Provided records Start Marker
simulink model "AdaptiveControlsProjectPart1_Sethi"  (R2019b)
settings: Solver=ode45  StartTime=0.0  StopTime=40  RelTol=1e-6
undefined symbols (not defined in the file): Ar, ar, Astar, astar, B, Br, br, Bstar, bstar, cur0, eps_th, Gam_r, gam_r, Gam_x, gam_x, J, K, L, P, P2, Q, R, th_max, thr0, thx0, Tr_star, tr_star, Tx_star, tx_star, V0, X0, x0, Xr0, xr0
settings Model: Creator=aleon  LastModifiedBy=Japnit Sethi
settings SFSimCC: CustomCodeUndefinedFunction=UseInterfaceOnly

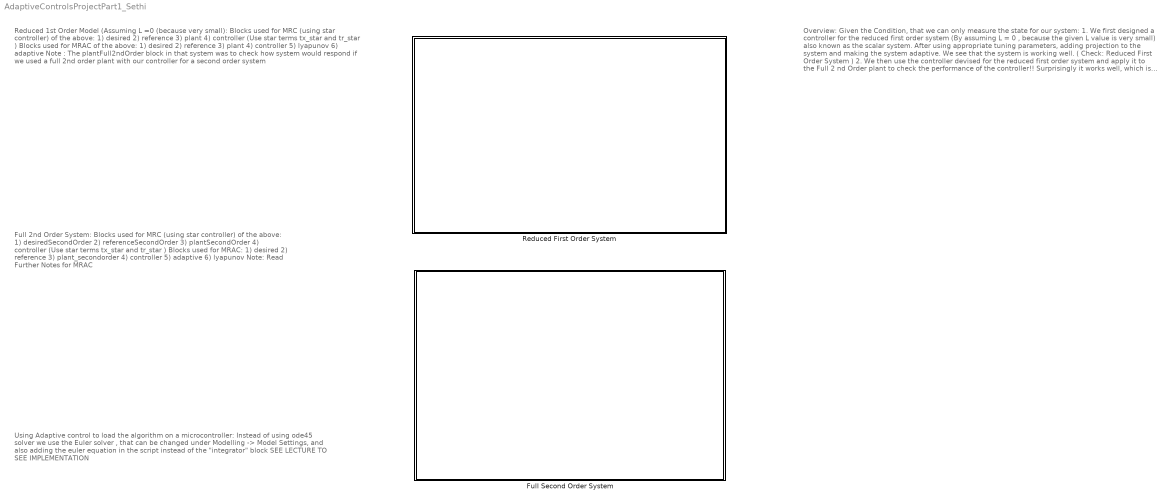
== system AdaptiveControlsProjectPart1_Sethi ==
  note: Reduced 1st Order Model (Assuming L =0 (because very small):
      |
      | Blocks used for MRC (using star controller) of the above:
      | 1) desired
      | 2) reference
      | 3) plant
      | 4) controller (Use star terms tx_star and tr_star )
      |
      | Blocks used for MRAC of the above:
      | 1) desired
      | 2) reference
      | 3) plant
      | 4) controller
      | 5) lyapunov
      | 6) adaptive
      |
      | Note : The plantFull2ndOrder block in that system was to check how system would respond if we used a full 2nd order plant with our controller for a second order system
  note: Using Adaptive control to load the algorithm on a microcontroller:
      |
      | Instead of using ode45 solver we use the Euler solver , that can be changed under Modelling -> Model Settings,
      | and also adding the euler equation in the script instead of the "integrator" block
      |
      | SEE LECTURE TO SEE IMPLEMENTATION
  note: Full 2nd Order System:
      |
      | Blocks used for MRC (using star controller) of the above:
      | 1) desiredSecondOrder
      | 2) referenceSecondOrder
      | 3) plantSecondOrder
      | 4) controller (Use star terms tx_star and tr_star )
      |
      | Blocks used for MRAC:
      | 1) desired
      | 2) reference
      | 3) plant_secondorder
      | 4) controller
      | 5) adaptive
      | 6) lyapunov
      | Note: Read Further Notes for MRAC
  note: Overview:
      | Given the Condition, that we can only measure the state for our system:
      | 1. We first designed a controller for the reduced first order system (By assuming L = 0 , because the given L value is very small) also known as the scalar system. After using appropriate tuning parameters, adding projection to the system and making the system adaptive. We see that the system is working well. ( Check: Reduced First Order System )
      | 2. We then use the controller devised for the reduced first order system and apply it to the Full 2 nd Order plant to check the performance of the controller!! Surprisingly it works well, which is because the approximation of L was legible.
      | 3. We designed a Full state feedback controller for the Full second order system, by deriving the equations in canonical form and also change our states from and to and which is important in order to derive and satisfy our compatibility equations. In this scenario, we were able to measure both and . ( Check: Full Second Order System )
      | 4. Finally, we designed a Full Output Feedback controller , because in really, we cannot measure , the only measurement available to us is .
      | Note: ( Option 2: But not recommended ) For the Full output feedback controller above, we could measure and then calculate the by computing a numerical derivative of measured and adding a filter transfer function to get rid of the noise. But this is not preferred because excessive time that we can lose tuning our parameters to get rid of high oscillations and noise.
  Full Second Order System : Subsystem
  Reduced First Order System : Subsystem

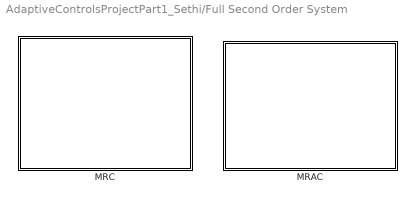
== system AdaptiveControlsProjectPart1_Sethi/Full Second Order System ==
  MRAC : Subsystem
  MRC : Subsystem

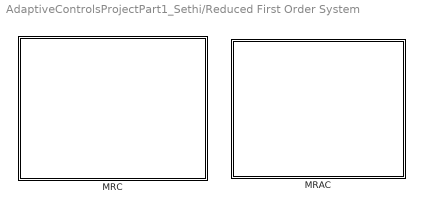
== system AdaptiveControlsProjectPart1_Sethi/Reduced First Order System ==
  MRAC : Subsystem
  MRC : Subsystem

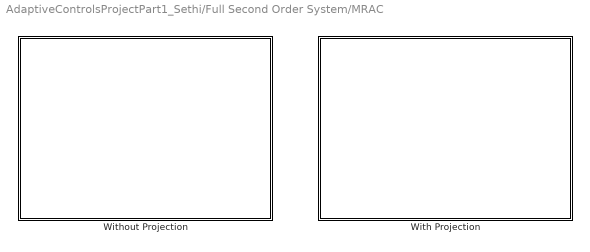
== system AdaptiveControlsProjectPart1_Sethi/Full Second Order System/MRAC ==
  With Projection : Subsystem
  Without Projection : Subsystem

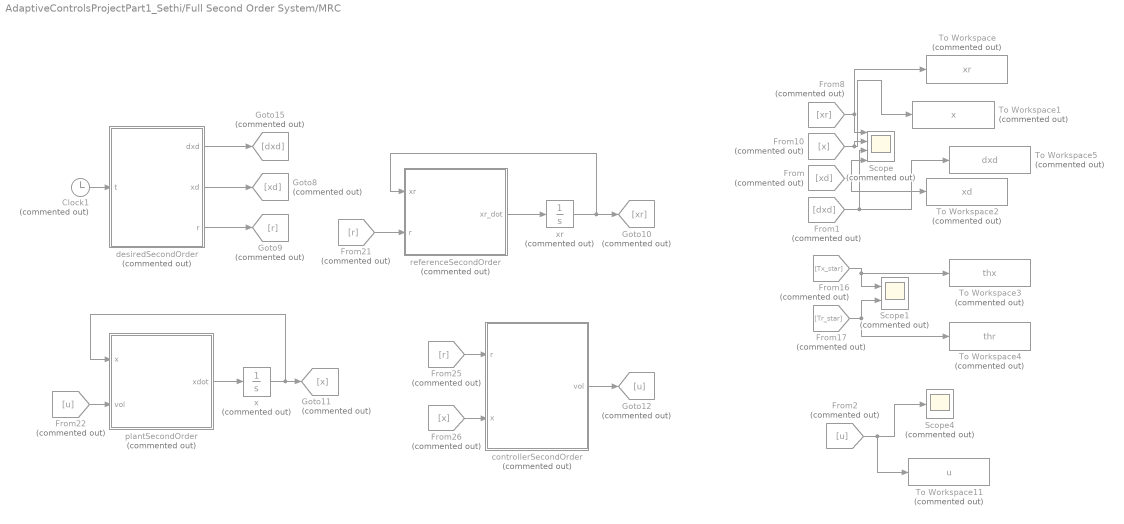
== system AdaptiveControlsProjectPart1_Sethi/Full Second Order System/MRC ==
  Clock1 : Clock  Commented=on
  From : From  Commented=on  GotoTag=xd
  From1 : From  Commented=on  GotoTag=dxd
  From10 : From  Commented=on  GotoTag=x
  From16 : From  Commented=on  GotoTag=Tx_star
  From17 : From  Commented=on  GotoTag=Tr_star
  From2 : From  Commented=on  GotoTag=u
  From21 : From  Commented=on  GotoTag=r
  From22 : From  Commented=on  GotoTag=u
  From25 : From  Commented=on  GotoTag=r
  From26 : From  Commented=on  GotoTag=x
  From8 : From  Commented=on  GotoTag=xr
  Goto10 : Goto  Commented=on  GotoTag=xr
  Goto11 : Goto  Commented=on  GotoTag=x
  Goto12 : Goto  Commented=on  GotoTag=u
  Goto15 : Goto  Commented=on  GotoTag=dxd
  Goto8 : Goto  Commented=on  GotoTag=xd
  Goto9 : Goto  Commented=on  GotoTag=r
  Scope : Scope  Commented=on  NumInputPorts=4
  Scope1 : Scope  Commented=on  NumInputPorts=2
  Scope4 : Scope  Commented=on
  To Workspace : ToWorkspace  Commented=on  VariableName=xr  SampleTime=-1
  To Workspace1 : ToWorkspace  Commented=on  VariableName=x  SampleTime=-1
  To Workspace11 : ToWorkspace  Commented=on  VariableName=u  SampleTime=-1
  To Workspace2 : ToWorkspace  Commented=on  VariableName=xd  SampleTime=-1
  To Workspace3 : ToWorkspace  Commented=on  VariableName=thx  SampleTime=-1
  To Workspace4 : ToWorkspace  Commented=on  VariableName=thr  SampleTime=-1
  To Workspace5 : ToWorkspace  Commented=on  VariableName=dxd  SampleTime=-1
  controllerSecondOrder : MATLAB Function  Commented=on  TreatAsAtomicUnit=on
  desiredSecondOrder : MATLAB Function  Commented=on  TreatAsAtomicUnit=on
  plantSecondOrder : MATLAB Function  Commented=on  TreatAsAtomicUnit=on
  referenceSecondOrder : MATLAB Function  Commented=on  TreatAsAtomicUnit=on
  x : Integrator  Commented=on  InitialCondition=X0
  xr : Integrator  Commented=on  InitialCondition=Xr0
  wires:
  desiredSecondOrder/3(r) -> Goto9/1
  From/1 -> To Workspace2/1, Scope/4
  From1/1 -> To Workspace5/1, Scope/3
  From10/1 -> To Workspace1/1, Scope/2
  x/1 -> plantSecondOrder/1(x), Goto11/1
  controllerSecondOrder/1(vol) -> Goto12/1
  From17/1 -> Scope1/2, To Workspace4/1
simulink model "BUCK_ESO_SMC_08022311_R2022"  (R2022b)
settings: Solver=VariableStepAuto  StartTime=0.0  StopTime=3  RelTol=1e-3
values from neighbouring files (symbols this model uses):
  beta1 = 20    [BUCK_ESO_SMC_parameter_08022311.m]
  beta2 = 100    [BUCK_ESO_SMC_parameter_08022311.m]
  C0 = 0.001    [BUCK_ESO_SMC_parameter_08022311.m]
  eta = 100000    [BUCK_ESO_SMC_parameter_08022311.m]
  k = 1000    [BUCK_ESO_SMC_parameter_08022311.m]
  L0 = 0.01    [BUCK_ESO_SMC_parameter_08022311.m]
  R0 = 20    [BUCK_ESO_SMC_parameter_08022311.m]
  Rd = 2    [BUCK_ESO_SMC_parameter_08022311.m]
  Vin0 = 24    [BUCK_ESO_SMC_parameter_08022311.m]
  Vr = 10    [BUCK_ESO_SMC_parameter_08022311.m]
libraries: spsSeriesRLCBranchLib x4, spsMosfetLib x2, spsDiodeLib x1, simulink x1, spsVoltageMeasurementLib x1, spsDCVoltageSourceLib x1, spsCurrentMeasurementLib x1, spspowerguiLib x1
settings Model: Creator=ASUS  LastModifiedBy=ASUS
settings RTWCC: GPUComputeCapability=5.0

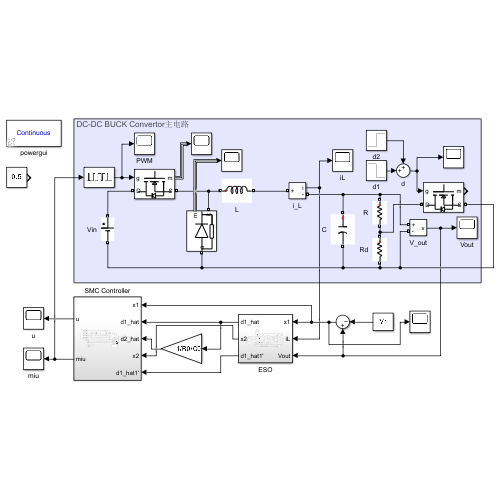
[thumbnail: Simulink's stored preview of the top-level diagram]
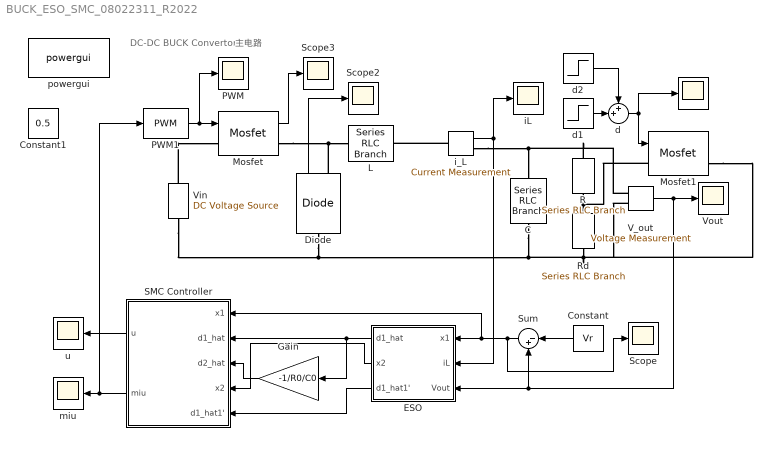
== system BUCK_ESO_SMC_08022311_R2022 ==
  note: DC-DC BUCK Convertor主电路
  " " : Scope
  C : spsSeriesRLCBranchLib/Series RLC Branch  LConnTagsString=__new0  RConnTagsString=__new0  BranchType=C  Resistance=1  Inductance=0.01  SetiL0=off  InitialCurrent=0  Capacitance=C0  Setx0=on  InitialVoltage=0  Measurements=None
  Constant : Constant  Value=Vr
  Constant1 : Constant  Value=0.5
  Diode : spsDiodeLib/Diode  Ron=0.001  Lon=0  Vf=0.8  IC=0  UseSnubber=0  Rs=500  Cs=250e-9  Measurements=on
  ESO : Subsystem
  Gain : Gain  Gain=-1/R0/C0
  L : spsSeriesRLCBranchLib/Series RLC Branch  LConnTagsString=__new0  RConnTagsString=__new0  BranchType=L  Resistance=1  Inductance=L0  SetiL0=off  InitialCurrent=0  Capacitance=1e-6  Setx0=off  InitialVoltage=0  Measurements=None
  Mosfet : spsMosfetLib/Mosfet  Ron=0.1  Lon=0  Rd=0.01  Vfd=0  IC=0  Rs=1e5  Cs=inf  Measurements=on
  Mosfet1 : spsMosfetLib/Mosfet  Ron=0.1  Lon=0  Rd=0.01  Vfd=0  IC=0  Rs=1e5  Cs=inf  Measurements=on
  PWM : Scope
  PWM1 : simulink/Discontinuities/PWM  DisableCoverage=on  Period=1/20e+3  InitialDelay=0  DisallowZeroDutyCycle=off  RunAtFixedTimeIntervals=off  SampleTime=0.1
  R : spsSeriesRLCBranchLib/Series RLC Branch  LConnTagsString=__new0  RConnTagsString=__new0  BranchType=R  Resistance=R0  Inductance=0.01  SetiL0=off  InitialCurrent=0  Capacitance=1e-3  Setx0=off  InitialVoltage=0  Measurements=None
  Rd : spsSeriesRLCBranchLib/Series RLC Branch  LConnTagsString=__new0  RConnTagsString=__new0  BranchType=R  Resistance=Rd  Inductance=0.01  SetiL0=off  InitialCurrent=0  Capacitance=1e-3  Setx0=off  InitialVoltage=0  Measurements=None
  SMC Controller : Subsystem
  Scope : Scope
  Scope2 : Scope
  Scope3 : Scope
  Sum : Sum  Inputs=|-+
  V_out : spsVoltageMeasurementLib/Voltage Measurement  PhasorSimulation=off  OutputType=Complex  PSBequivalent=0
  Vin : spsDCVoltageSourceLib/DC Voltage Source  Amplitude=Vin0  Measurements=None
  Vout : Scope
  d : Sum  Inputs=++|
  d1 : Step  Before=1  After=0  SampleTime=0
  d2 : Step  Time=2  SampleTime=0
  iL : Scope
  i_L : spsCurrentMeasurementLib/Current Measurement  PhasorSimulation=off  OutputType=Complex  PSBequivalent=0
  miu : Scope
  powergui : spspowerguiLib/powergui  Priority=1  SimulationMode=Continuous  SampleTime=50e-6  frequency=60  Iterations=50  frequencyindice=0  Pbase=100e6  ErrMax=1e-4  UnitsV=kV  UnitsW=MW  buscounter=0  FunctionMessages=off  echomessages=off  EnableUseOfTLC=off  CurrentSourceSwitches=off  DisableSnubberDevices=off  DisableRonSwitches=off  DisableVfSwitches=off  DisplayEquations=off  AutomaticDiscreteSolvers=off  SolverType=Tustin/Backward Euler (TBE)  Interpol=off  ExternalGateDelay=off  methode=off  Ts=100  x0status=blocks  SPID=on  SwTol=0  HookPort=off  NonlinearTolerance=1e-4  nMaxIteration=100  ContinueOnMaxIteration=off  RestoreLinks=warning  ResistiveCurrentMeasurement=off  Frange=[0:2:500]  Ylog=off  Xlog=on  ShowGrid=off  save=off  variable=ZData  structure=0  ZoomFFT=off  StartTime=0.0  cycles=1  DisplayStyle=1  fundamental=60  FreqAxis=off  MaxFrequency=1000  frequencyindicesteady=1  RmsSteady=1  display=off
  u : Scope
  wires:
  i_L/1 -> ESO/2(iL), iL/1
  Diode/1 -> Scope2/1
  Mosfet/1 -> Scope3/1
  ESO/1(d1_hat) -> Gain/1, SMC Controller/2(d1_hat)
  Gain/1 -> SMC Controller/3(d2_hat)
  Sum/1 -> Scope/1, SMC Controller/1(x1), ESO/1(x1)
  SMC Controller/1(u) -> u/1
  PWM1/1 -> PWM/1, Mosfet/1
  ESO/2(x2) -> SMC Controller/4(x2)
  SMC Controller/2(miu) -> PWM1/1, miu/1
  ESO/3(d1_hat1') -> SMC Controller/5(d1_hat1')
  Constant/1 -> Sum/1
  V_out/1 -> Sum/2, ESO/3(Vout), Vout/1
  d1/1 -> d/2
  d2/1 -> d/1
  d/1 -> " "/1, Mosfet1/1
  connections:
  Vin/RConn1 -- Mosfet/LConn1
  Mosfet/RConn1 -- Diode/RConn1 -- L/LConn1
  i_L/LConn1 -- L/RConn1
  i_L/RConn1 -- V_out/LConn1 -- R/LConn1 -- C/LConn1
  Diode/LConn1 -- Vin/LConn1 -- Mosfet1/RConn1 -- V_out/LConn2 -- Rd/RConn1 -- C/RConn1
  Rd/LConn1 -- Mosfet1/LConn1 -- R/RConn1

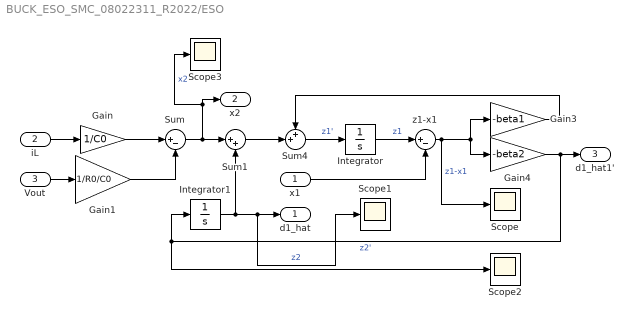
== system BUCK_ESO_SMC_08022311_R2022/ESO ==
  x1 : Inport
  iL : Inport  Port=2
  Vout : Inport  Port=3
  Gain : Gain  Gain=1/C0
  Gain1 : Gain  Gain=1/R0/C0
  Gain3 : Gain  Gain=-beta1
  Gain4 : Gain  Gain=-beta2
  Integrator : Integrator
  Integrator1 : Integrator
  Scope{,1..3} (4 alike) : Scope
  Sum : Sum  Inputs=|+-
  Sum1 : Sum  Inputs=|++
  Sum4 : Sum  Inputs=++|
  z1-x1 : Sum  Inputs=|+-
  d1_hat : Outport
  x2 : Outport  Port=2
  d1_hat1' : Outport  Port=3
  wires:
  Vout/1 -> Gain1/1
  iL/1 -> Gain/1
  Gain1/1 -> Sum/2
  Gain/1 -> Sum/1
  Integrator1/1 -> Sum1/2, Scope1/1, d1_hat/1  "z2"
  Sum/1 -> Scope3/1, x2/1, Sum1/1  "x2"
  Sum4/1 -> Integrator/1  "z1'"
  x1/1 -> z1-x1/2
  Sum1/1 -> Sum4/2
  Gain3/1 -> Sum4/1
  Gain4/1 -> Integrator1/1, Scope2/1, d1_hat1'/1  "z2'"
  Integrator/1 -> z1-x1/1  "z1"
  z1-x1/1 -> Scope/1, Gain4/1, Gain3/1  "z1-x1"

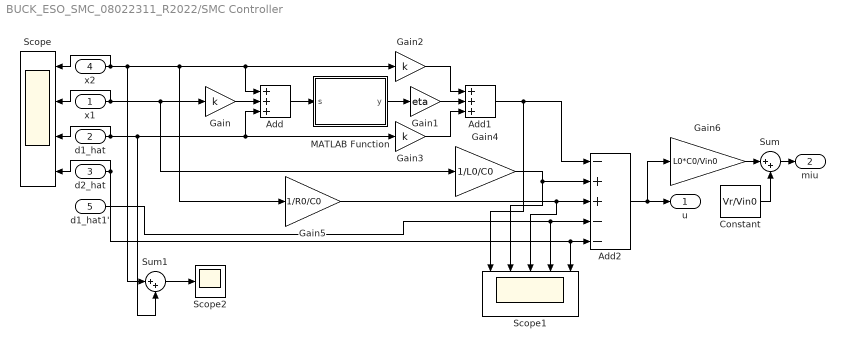
== system BUCK_ESO_SMC_08022311_R2022/SMC Controller ==
  x1 : Inport
  d1_hat : Inport  Port=2
  d2_hat : Inport  Port=3
  x2 : Inport  Port=4
  d1_hat1' : Inport  Port=5
  Add : Sum  Inputs=+++
  Add1 : Sum  Inputs=+++
  Add2 : Sum  Inputs=-++--
  Constant : Constant  Value=Vr/Vin0
  Gain : Gain  Gain=k
  Gain1 : Gain  Gain=eta
  Gain2 : Gain  Gain=k
  Gain3 : Gain  Gain=k
  Gain4 : Gain  Gain=1/L0/C0
  Gain5 : Gain  Gain=1/R0/C0
  Gain6 : Gain  Gain=L0*C0/Vin0
  MATLAB Function : MATLAB Function  TreatAsAtomicUnit=on
  Scope : Scope  NumInputPorts=4
  Scope1 : Scope  NumInputPorts=5
  Scope2 : Scope
  Sum : Sum  Inputs=|++
  Sum1 : Sum  Inputs=|++
  u : Outport
  miu : Outport  Port=2
  wires:
  x1/1 -> Scope/2, Gain/1, Gain4/1
  Gain/1 -> Add/2
  x2/1 -> Scope/1, Gain5/1, Add/1, Gain2/1, Sum1/1
  d1_hat/1 -> Scope/3, Sum1/2, Gain3/1, Add/3
  Add/1 -> MATLAB Function/1(s)
  MATLAB Function/1(y) -> Gain1/1
  Gain1/1 -> Add1/2
  Gain2/1 -> Add1/1
  Gain3/1 -> Add1/3
  Gain4/1 -> Scope1/2, Add2/2
  Gain5/1 -> Scope1/3, Add2/3
  d2_hat/1 -> Scope/4, Scope1/5, Add2/5
  Add1/1 -> Scope1/1, Add2/1
  Add2/1 -> Gain6/1, u/1
  Gain6/1 -> Sum/1
  Sum/1 -> miu/1
  Constant/1 -> Sum/2
  d1_hat1'/1 -> Scope1/4, Add2/4
  Sum1/1 -> Scope2/1

== matlab function BUCK_ESO_SMC_08022311_R2022/SMC Controller/MATLAB Function ==
  data: s input; y output
function y = sgn(s)
    if s > 0
        y = 1;
    elseif s < 0
        y = -1;
    else
        y = 0;
    end
end
Provided records End Marker
Each line in the data that holds the word "After" must be copied.

      | 1. We first designed a controller for the reduced first order system (By assuming L = 0 , because the given L value is very small) also known as the scalar system. After using appropriate tuning parameters, adding projection to the system and making the system adaptive. We see that the system is working well. ( Check: Reduced First Order System )
  d1 : Step  Before=1  After=0  SampleTime=0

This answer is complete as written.